尖った物を誤飲した場合、吐かさずに受診しましょう。無理に吐かせると胃や食道を傷つける可能性があります。また、ボタン電池は胃の粘膜を傷つける危険があるため、病院で適切な処置を受けましょう。

子供が何を誤飲したのか、まずはそれを確認することが重要です。薬に限らず、誤飲した物の種類がわかるように、容器や吐いたものは医師に見せましょう。

急いで救急車を呼ぶ必要があるケース

次のような場合に無理に吐かせると、窒息を起こしたり、肺や食道を傷つける恐れがあるため、吐かせずに早急に受診しましょう。特に1~3の場合においては、すぐに救急車を呼びましょう。

  1. 意識が無い
  2. 痙攣をおこしている
  3. ガソリンや石油など揮発性のものを飲んだ
  4. 強酸性や強アルカリ性の漂白剤やカビ取り剤などを飲んだ
  5. がびょうやホチキスの針など鋭利な物を飲んだ

誤飲した子供の意識がない場合

救急車を手配するよりも先に心肺蘇生を行う必要があります。赤ちゃん以外に2人いる場合は、1人は救急車の手配を、1人が心肺蘇生を行いましょう。

心肺蘇生は以下の手順で行います。

(1)気道を確保する

固い床に仰向けに寝かせ、頭を後ろに反らせて下あごを持ち上げます。口に詰まっているものは掻き出します。このときに、子供の体を強く揺さぶったり、顔を叩くなどしてはいけません。

(2)人工呼吸を行う

呼吸をしていない場合は人工呼吸も行います。子供の口と鼻に同時に2回息を吹き込み、胸が上がるかも確認します。

(3)心臓マッサージを行う

人工呼吸を行っても呼吸が戻らない場合は心臓マッサージを行います。子供の左右の乳首を結ぶラインより指1本分下あたりに中指と人差し指の2本を置き、胸の厚さの1/3程度沈むまで、1分間に100回の速度で30回行います。

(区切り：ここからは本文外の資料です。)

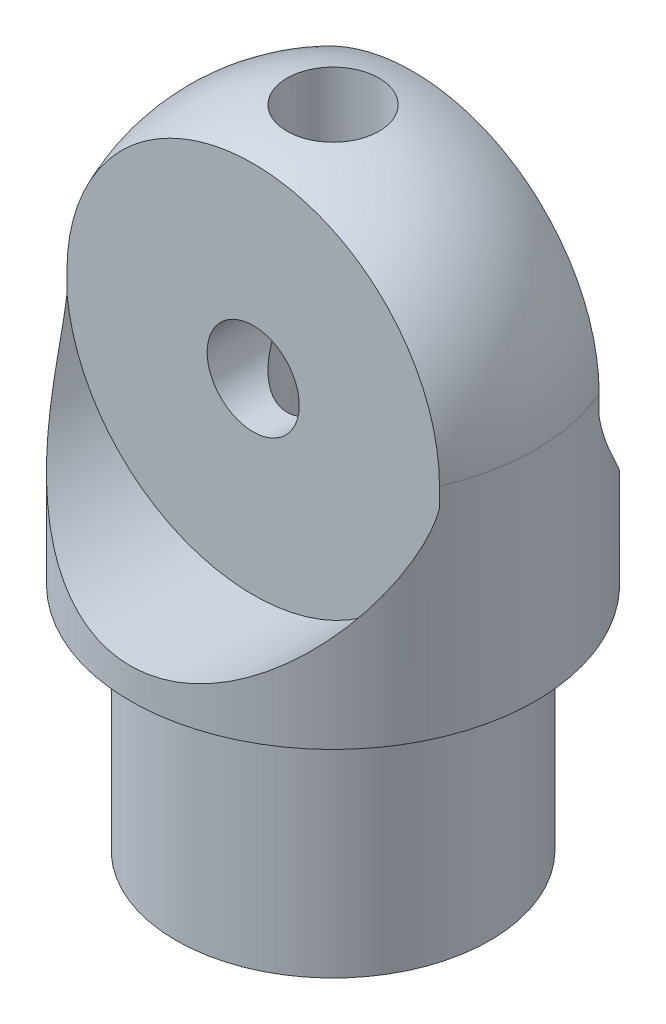
from build123d import *

# Parameters (mm, degrees)
SKETCH1_R               = 12.9794
BOSS_EXTRUDE1_DEPTH     = 19.05
CUT_EXTRUDE1_DEPTH      = 59.815433775
CUT_EXTRUDE1_DEPTH_BACK = 59.815433775
SKETCH4_R               = 3.81
SKETCH5_R               = 15.494
CUT_EXTRUDE2_DEPTH      = 28.194
SKETCH6_R               = 3.81
CUT_EXTRUDE3_DEPTH      = 37.642966565
SKETCH6_3_R             = 1.905
CUT_EXTRUDE4_DEPTH      = 37.642966565


with BuildPart() as part:
    # Sketch1 → Boss-Extrude1 (new body)
    with BuildSketch(Plane(origin=(0, 0, 0), x_dir=(1, 0, 0), z_dir=(0, 1, 0))):
        Circle(SKETCH1_R)
    extrude(amount=BOSS_EXTRUDE1_DEPTH)

    # Sketch2 → Revolve1 (revolve)
    with BuildSketch(Plane(origin=(0, 0, 0), x_dir=(0, 0, -1), z_dir=(1, 0, 0))):
        with BuildLine():
            Line((0, 19.05), (0, 53.825568814))
            ThreePointArc((0, 53.825568814), (-11.85393808, 48.915506894), (-16.764, 37.061568814))
            Line((-16.764, 37.061568814), (-16.764, 19.05))
            Line((-16.764, 19.05), (0, 19.05))
        make_face()
    revolve(axis=Axis((0, 19.05, 0), (0, 1, 0)))

    # Sketch4 → Cut-Extrude1 (cut, two sides: drawn at the far end of the back side and taken through both)
    with BuildSketch(Plane.XY.offset(-CUT_EXTRUDE1_DEPTH_BACK)):
        with Locations((0, 37.061568814)):
            Circle(SKETCH4_R)
    extrude(amount=CUT_EXTRUDE1_DEPTH + CUT_EXTRUDE1_DEPTH_BACK, mode=Mode.SUBTRACT)

    # Sketch5 → Cut-Extrude2 (cut)
    with BuildSketch(Plane.XY.offset(-6.604)):
        with Locations((0, 37.061568814)):
            Circle(SKETCH5_R)
    cut_extrude2 = extrude(amount=-CUT_EXTRUDE2_DEPTH, mode=Mode.SUBTRACT)

    # Mirror1: Cut-Extrude2 across plane
    add(cut_extrude2.mirror(Plane.XY), mode=Mode.SUBTRACT)

    # Sketch6 → Cut-Extrude3 (cut, through all)
    with BuildSketch(Plane(origin=(0, 27.94, 0), x_dir=(1, 0, 0), z_dir=(0, 1, 0))):
        Circle(SKETCH6_R)
    extrude(amount=CUT_EXTRUDE3_DEPTH, mode=Mode.SUBTRACT)

    # Sketch6<3> → Cut-Extrude4 (cut, through all)
    with BuildSketch(Plane(origin=(0, 27.94, 0), x_dir=(1, 0, 0), z_dir=(0, 1, 0))):
        Circle(SKETCH6_3_R)
    extrude(amount=-CUT_EXTRUDE4_DEPTH, mode=Mode.SUBTRACT)


solid = part.part

誤飲した子供の意識がなく、呼吸もしていない場合、救急車が来るまでに適切な処置をするかどうかで生存率が変わります。子供を救うためにも、処置の方法を知っておきましょう。

誤飲した際の対処法についてまとめ

赤ちゃんや子供が異物を誤飲した場合、一刻も早く適切に対処する必要があります。あらかじめ、対処法を知っているかどうかで赤ちゃんや子供の命を守れるかどうかが決まると言っても過言ではないでしょう。